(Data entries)
• • • •
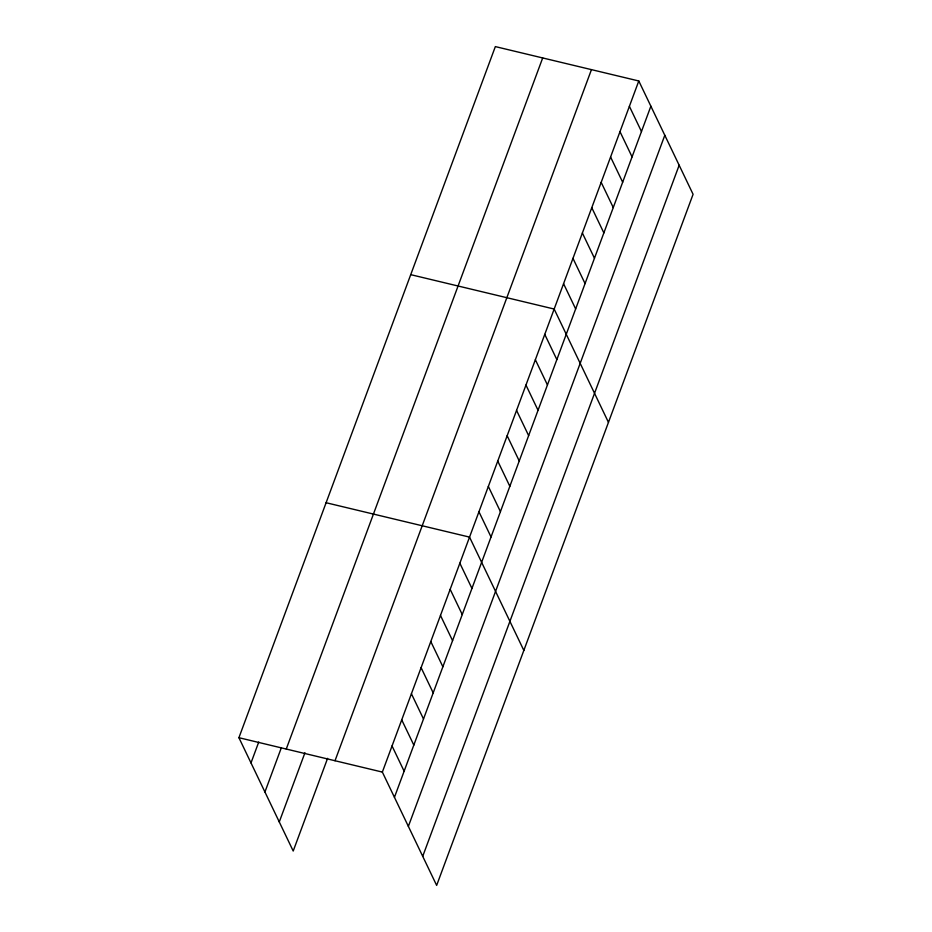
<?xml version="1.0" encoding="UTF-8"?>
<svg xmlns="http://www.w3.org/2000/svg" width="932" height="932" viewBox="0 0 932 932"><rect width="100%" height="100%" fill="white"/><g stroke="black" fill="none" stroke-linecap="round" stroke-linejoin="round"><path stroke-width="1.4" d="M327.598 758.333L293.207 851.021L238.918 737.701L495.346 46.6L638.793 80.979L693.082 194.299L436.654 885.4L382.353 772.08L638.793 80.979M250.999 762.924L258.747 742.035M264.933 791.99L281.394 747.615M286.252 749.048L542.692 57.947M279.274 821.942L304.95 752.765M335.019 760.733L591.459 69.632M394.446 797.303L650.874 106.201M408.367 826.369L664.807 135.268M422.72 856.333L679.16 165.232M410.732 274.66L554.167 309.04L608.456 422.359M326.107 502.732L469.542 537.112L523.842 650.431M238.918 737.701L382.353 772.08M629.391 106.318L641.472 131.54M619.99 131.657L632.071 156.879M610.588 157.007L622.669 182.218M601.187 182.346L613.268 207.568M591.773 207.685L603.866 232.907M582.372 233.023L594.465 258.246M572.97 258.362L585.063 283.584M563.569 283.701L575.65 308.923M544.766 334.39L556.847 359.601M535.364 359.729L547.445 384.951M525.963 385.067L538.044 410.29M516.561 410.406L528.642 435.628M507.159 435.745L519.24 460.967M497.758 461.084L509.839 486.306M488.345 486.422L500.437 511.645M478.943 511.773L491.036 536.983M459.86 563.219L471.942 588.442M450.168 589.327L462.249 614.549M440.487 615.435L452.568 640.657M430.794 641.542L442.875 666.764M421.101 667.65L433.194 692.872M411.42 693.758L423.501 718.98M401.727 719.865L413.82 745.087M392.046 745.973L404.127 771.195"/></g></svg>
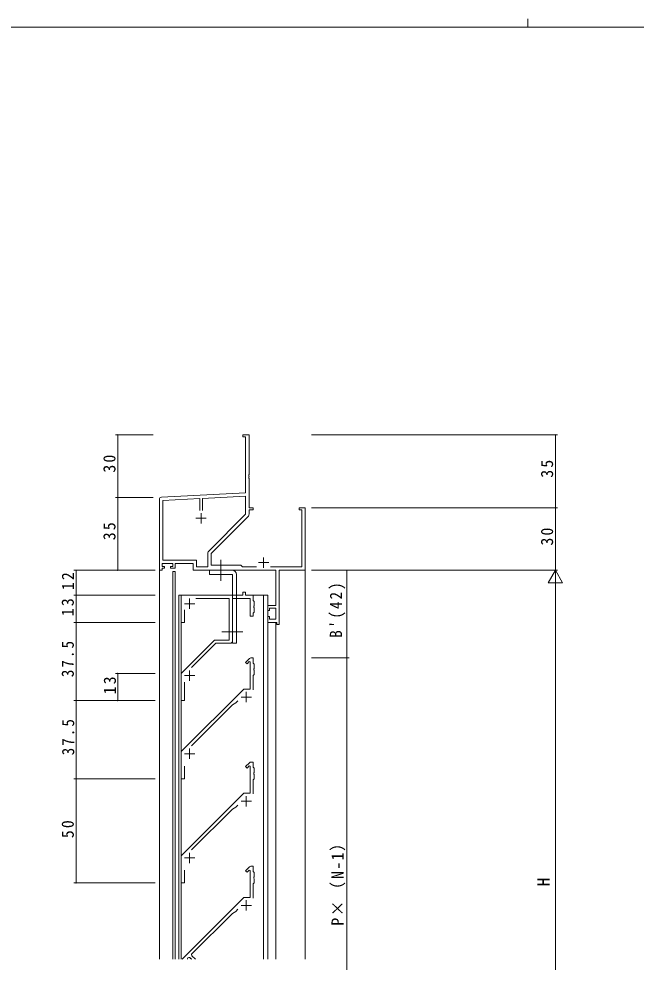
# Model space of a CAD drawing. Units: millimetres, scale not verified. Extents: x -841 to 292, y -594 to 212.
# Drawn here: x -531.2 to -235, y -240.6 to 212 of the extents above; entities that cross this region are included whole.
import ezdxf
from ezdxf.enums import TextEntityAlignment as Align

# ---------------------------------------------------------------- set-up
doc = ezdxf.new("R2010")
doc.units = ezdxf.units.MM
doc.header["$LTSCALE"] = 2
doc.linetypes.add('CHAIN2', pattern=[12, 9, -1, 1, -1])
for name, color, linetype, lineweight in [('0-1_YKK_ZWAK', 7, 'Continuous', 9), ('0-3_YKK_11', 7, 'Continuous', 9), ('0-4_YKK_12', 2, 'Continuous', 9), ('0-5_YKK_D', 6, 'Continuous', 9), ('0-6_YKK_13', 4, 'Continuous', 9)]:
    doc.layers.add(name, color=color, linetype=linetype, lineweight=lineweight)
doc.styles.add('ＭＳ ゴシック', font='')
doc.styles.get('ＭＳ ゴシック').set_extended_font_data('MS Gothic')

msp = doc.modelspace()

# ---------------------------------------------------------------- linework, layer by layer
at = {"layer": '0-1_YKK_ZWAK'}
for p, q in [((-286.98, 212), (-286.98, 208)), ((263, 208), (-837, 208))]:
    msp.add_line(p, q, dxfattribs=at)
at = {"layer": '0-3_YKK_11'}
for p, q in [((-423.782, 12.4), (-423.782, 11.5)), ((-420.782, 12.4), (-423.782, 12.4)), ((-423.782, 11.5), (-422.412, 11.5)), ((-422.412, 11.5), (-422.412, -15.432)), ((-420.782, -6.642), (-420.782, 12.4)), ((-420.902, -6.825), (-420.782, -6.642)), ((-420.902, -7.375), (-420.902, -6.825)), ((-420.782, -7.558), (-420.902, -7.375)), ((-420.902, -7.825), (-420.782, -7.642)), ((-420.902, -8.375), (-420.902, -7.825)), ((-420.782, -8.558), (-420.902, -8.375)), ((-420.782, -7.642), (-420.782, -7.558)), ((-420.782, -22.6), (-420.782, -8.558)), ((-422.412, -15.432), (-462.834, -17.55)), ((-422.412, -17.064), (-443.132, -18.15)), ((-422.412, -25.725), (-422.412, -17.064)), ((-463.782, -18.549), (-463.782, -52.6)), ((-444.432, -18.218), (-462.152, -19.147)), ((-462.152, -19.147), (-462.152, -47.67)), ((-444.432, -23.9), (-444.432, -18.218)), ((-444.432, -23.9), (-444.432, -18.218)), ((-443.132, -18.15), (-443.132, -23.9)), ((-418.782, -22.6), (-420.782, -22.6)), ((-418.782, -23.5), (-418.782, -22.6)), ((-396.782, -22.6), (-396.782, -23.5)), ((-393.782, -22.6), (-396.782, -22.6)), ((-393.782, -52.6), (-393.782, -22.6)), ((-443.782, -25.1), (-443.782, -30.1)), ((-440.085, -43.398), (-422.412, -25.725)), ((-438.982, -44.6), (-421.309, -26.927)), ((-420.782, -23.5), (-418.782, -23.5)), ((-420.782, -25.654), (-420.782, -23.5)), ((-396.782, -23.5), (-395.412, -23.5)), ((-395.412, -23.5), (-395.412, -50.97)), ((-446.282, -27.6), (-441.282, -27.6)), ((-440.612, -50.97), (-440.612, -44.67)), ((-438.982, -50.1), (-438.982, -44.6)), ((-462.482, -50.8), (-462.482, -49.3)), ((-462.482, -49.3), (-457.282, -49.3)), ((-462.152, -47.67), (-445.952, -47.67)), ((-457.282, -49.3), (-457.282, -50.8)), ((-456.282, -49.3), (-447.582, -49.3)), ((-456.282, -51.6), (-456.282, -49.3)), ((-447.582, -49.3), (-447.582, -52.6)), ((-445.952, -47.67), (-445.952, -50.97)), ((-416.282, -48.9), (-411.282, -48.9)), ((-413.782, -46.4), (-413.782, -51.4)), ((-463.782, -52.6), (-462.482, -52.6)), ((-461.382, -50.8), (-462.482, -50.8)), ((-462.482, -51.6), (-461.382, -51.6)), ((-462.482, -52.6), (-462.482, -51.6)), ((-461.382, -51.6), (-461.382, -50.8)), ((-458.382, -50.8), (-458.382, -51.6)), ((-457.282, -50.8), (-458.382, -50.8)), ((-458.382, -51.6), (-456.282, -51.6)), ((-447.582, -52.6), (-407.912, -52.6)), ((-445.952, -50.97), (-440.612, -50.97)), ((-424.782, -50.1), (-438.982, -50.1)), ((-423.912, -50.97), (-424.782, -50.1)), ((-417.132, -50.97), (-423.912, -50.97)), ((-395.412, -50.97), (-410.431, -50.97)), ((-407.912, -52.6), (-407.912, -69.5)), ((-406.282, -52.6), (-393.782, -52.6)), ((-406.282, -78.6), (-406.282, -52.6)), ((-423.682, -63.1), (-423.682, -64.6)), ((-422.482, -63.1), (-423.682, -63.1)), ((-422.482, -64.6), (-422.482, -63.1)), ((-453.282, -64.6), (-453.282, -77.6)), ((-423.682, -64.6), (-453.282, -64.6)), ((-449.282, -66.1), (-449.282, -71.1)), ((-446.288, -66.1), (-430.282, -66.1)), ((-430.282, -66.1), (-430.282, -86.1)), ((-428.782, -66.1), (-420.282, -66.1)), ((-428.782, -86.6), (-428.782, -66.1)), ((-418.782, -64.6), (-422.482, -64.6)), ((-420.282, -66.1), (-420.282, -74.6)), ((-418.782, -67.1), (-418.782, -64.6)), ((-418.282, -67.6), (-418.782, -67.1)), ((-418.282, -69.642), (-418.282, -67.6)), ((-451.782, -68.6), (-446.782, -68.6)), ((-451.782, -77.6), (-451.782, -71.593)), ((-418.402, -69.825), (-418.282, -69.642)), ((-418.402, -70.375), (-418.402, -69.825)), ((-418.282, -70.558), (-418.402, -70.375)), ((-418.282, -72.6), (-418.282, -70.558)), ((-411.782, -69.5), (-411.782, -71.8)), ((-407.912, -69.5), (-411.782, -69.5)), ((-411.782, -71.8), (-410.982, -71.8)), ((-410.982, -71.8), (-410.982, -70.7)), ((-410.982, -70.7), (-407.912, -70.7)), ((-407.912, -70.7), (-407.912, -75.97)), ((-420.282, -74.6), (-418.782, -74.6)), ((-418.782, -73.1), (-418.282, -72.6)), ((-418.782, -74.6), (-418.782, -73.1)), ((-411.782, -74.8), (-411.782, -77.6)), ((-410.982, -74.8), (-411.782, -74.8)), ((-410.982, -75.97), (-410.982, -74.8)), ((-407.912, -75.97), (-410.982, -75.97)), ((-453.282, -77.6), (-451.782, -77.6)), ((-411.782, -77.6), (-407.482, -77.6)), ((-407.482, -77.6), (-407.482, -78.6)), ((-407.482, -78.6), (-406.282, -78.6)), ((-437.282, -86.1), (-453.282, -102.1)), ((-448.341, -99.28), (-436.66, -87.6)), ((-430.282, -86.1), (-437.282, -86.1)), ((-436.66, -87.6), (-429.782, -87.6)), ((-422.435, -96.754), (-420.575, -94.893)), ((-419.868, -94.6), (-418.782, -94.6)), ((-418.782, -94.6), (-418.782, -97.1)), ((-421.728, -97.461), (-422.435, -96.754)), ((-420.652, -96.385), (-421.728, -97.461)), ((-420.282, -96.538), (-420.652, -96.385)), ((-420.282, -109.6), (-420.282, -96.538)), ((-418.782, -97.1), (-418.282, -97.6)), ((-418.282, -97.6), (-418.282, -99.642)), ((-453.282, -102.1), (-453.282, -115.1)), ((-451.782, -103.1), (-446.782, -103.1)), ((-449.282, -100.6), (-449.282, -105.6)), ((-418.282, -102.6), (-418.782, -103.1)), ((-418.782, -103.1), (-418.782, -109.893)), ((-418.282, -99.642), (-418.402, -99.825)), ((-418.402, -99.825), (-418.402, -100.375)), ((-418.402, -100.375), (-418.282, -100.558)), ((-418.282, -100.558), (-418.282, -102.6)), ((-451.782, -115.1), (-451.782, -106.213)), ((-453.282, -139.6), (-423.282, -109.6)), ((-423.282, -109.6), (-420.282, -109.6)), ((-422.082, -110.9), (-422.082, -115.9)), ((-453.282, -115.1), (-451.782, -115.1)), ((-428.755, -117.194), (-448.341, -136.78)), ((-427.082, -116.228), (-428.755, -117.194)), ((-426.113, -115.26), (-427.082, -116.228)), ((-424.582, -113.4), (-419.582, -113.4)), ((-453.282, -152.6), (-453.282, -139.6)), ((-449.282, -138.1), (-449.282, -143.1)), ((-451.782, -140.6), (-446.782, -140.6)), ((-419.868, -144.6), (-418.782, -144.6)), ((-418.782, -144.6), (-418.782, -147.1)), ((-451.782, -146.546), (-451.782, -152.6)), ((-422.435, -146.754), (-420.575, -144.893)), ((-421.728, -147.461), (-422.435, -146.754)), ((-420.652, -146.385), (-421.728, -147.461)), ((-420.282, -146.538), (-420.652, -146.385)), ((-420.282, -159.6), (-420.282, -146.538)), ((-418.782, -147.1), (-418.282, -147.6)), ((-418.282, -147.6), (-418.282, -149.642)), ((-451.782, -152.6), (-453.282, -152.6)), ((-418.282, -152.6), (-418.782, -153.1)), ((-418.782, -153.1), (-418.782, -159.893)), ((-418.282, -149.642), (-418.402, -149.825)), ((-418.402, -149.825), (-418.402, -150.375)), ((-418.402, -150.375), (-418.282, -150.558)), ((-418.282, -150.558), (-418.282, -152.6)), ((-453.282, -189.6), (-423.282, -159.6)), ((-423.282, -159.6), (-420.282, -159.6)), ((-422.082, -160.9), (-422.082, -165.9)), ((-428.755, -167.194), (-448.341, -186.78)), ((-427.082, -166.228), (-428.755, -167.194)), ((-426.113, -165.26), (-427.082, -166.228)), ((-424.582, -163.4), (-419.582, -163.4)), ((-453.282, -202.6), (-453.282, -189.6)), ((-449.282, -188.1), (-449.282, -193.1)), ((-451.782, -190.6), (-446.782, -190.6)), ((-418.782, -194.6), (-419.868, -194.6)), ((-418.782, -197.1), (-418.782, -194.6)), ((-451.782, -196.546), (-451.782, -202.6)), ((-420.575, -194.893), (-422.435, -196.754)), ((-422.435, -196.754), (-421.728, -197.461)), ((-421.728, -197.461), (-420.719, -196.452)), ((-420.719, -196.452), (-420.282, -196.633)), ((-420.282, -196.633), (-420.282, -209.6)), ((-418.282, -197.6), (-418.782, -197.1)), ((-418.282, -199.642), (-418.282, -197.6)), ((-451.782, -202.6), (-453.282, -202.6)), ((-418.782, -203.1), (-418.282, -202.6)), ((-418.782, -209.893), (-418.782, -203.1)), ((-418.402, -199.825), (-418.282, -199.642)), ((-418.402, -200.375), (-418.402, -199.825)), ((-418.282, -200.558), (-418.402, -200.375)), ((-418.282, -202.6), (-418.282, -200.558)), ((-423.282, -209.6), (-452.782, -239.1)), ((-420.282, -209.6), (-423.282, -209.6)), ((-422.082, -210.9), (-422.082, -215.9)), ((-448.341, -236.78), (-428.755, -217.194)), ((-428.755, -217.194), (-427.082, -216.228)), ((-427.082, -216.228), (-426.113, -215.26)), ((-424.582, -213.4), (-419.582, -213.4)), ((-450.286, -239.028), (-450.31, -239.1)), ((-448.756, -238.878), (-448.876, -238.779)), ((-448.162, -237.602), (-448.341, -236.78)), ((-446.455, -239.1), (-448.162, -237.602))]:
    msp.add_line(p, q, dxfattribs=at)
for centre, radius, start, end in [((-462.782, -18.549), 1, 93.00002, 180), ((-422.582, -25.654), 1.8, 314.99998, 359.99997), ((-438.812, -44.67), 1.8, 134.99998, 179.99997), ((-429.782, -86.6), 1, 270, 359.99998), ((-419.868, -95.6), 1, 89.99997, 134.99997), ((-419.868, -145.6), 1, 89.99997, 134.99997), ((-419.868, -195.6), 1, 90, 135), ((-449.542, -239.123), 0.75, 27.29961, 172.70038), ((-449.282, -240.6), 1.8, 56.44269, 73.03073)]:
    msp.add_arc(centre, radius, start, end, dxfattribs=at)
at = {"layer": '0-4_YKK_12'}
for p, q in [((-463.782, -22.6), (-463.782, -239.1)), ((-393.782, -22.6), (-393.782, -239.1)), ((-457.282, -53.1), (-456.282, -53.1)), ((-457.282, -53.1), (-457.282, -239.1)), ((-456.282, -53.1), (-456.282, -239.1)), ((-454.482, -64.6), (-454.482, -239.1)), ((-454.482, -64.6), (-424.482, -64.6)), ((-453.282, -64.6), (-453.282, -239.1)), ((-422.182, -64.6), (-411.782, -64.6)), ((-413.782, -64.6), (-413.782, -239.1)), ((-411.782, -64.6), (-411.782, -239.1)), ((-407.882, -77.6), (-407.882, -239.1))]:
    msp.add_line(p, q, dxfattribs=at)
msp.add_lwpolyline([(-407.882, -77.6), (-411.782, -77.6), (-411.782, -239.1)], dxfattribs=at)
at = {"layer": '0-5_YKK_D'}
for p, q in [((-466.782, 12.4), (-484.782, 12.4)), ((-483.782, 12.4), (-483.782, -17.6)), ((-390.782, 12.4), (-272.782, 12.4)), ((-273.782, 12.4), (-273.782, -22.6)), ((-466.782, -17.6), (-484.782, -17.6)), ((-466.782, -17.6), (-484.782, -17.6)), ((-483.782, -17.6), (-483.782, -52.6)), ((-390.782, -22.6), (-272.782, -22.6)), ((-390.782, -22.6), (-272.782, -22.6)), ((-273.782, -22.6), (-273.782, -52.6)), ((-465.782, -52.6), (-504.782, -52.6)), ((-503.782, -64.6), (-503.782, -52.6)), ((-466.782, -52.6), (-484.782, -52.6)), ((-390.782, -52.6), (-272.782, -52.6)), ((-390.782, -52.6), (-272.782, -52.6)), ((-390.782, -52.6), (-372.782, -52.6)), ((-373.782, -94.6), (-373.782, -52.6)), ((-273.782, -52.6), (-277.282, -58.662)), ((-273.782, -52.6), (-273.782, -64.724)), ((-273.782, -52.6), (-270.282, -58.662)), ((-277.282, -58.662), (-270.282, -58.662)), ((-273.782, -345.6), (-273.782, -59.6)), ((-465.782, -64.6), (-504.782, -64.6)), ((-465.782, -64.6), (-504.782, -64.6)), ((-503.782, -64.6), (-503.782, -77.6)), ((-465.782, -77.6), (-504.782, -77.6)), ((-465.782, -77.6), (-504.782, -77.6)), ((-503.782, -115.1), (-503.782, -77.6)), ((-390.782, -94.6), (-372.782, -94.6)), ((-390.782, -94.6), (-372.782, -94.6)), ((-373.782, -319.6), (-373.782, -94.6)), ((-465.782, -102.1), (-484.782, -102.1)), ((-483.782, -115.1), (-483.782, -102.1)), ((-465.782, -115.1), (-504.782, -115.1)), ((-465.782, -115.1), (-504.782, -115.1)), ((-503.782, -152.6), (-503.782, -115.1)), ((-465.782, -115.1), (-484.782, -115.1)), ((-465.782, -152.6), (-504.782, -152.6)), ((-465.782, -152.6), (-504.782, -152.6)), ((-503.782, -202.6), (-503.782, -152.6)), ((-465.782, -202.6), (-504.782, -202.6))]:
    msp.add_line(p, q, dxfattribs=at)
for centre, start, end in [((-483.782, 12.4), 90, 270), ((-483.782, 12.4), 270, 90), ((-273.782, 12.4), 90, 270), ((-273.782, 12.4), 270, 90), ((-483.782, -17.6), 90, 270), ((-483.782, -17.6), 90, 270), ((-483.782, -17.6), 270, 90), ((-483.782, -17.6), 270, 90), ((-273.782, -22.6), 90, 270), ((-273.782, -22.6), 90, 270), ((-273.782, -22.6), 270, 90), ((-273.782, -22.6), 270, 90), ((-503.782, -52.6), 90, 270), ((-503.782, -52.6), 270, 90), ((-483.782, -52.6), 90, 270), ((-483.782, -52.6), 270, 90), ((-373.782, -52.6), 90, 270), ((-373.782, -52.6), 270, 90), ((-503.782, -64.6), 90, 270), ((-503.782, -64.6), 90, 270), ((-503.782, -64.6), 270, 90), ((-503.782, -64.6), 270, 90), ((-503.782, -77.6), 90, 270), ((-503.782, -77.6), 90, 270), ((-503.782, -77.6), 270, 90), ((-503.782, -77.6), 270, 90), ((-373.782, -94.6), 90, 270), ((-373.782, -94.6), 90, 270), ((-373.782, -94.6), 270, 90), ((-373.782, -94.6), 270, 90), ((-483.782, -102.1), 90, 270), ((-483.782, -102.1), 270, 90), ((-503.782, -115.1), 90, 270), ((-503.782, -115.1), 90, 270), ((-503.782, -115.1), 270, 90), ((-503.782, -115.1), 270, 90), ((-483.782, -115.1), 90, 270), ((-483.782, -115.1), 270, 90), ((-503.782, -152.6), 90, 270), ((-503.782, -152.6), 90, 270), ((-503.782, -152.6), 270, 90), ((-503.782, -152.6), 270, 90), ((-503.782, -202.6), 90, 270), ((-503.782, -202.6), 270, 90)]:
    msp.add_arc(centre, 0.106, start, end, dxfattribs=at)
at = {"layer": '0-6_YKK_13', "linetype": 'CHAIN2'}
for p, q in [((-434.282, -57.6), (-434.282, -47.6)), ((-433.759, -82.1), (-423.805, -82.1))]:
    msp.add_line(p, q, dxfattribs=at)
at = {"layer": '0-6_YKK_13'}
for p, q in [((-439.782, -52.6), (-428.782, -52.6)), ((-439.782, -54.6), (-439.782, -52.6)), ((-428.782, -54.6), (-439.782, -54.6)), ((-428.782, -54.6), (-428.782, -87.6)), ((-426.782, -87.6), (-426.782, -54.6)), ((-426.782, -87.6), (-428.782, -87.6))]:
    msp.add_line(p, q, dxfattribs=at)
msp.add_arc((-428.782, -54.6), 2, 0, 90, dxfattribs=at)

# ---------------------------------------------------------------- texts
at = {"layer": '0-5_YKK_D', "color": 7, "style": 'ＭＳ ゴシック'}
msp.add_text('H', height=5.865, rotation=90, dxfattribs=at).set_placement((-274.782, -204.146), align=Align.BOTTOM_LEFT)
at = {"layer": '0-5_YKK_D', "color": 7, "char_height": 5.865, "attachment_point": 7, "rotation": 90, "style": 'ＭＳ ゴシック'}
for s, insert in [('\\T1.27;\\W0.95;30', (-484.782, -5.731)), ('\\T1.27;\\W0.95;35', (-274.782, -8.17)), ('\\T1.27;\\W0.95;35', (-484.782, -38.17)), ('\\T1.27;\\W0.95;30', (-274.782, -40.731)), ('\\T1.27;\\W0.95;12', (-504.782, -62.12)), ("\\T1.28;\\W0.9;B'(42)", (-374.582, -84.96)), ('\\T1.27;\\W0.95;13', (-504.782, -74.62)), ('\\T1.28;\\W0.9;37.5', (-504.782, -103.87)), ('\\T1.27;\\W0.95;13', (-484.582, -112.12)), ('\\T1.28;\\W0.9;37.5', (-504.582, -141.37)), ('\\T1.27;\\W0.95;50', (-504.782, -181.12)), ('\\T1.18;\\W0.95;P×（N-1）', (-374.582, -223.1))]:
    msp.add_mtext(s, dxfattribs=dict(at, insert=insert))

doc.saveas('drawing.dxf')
• • • •
- **What this task involves**
Which lines of the records above contain the word "color"? Report each one.

- **Expected output**
for name, color, linetype, lineweight in [('0-1_YKK_ZWAK', 7, 'Continuous', 9), ('0-3_YKK_11', 7, 'Continuous', 9), ('0-4_YKK_12', 2, 'Continuous', 9), ('0-5_YKK_D', 6, 'Continuous', 9), ('0-6_YKK_13', 4, 'Continuous', 9)]:
    doc.layers.add(name, color=color, linetype=linetype, lineweight=lineweight)
at = {"layer": '0-5_YKK_D', "color": 7, "style": 'ＭＳ ゴシック'}
at = {"layer": '0-5_YKK_D', "color": 7, "char_height": 5.865, "attachment_point": 7, "rotation": 90, "style": 'ＭＳ ゴシック'}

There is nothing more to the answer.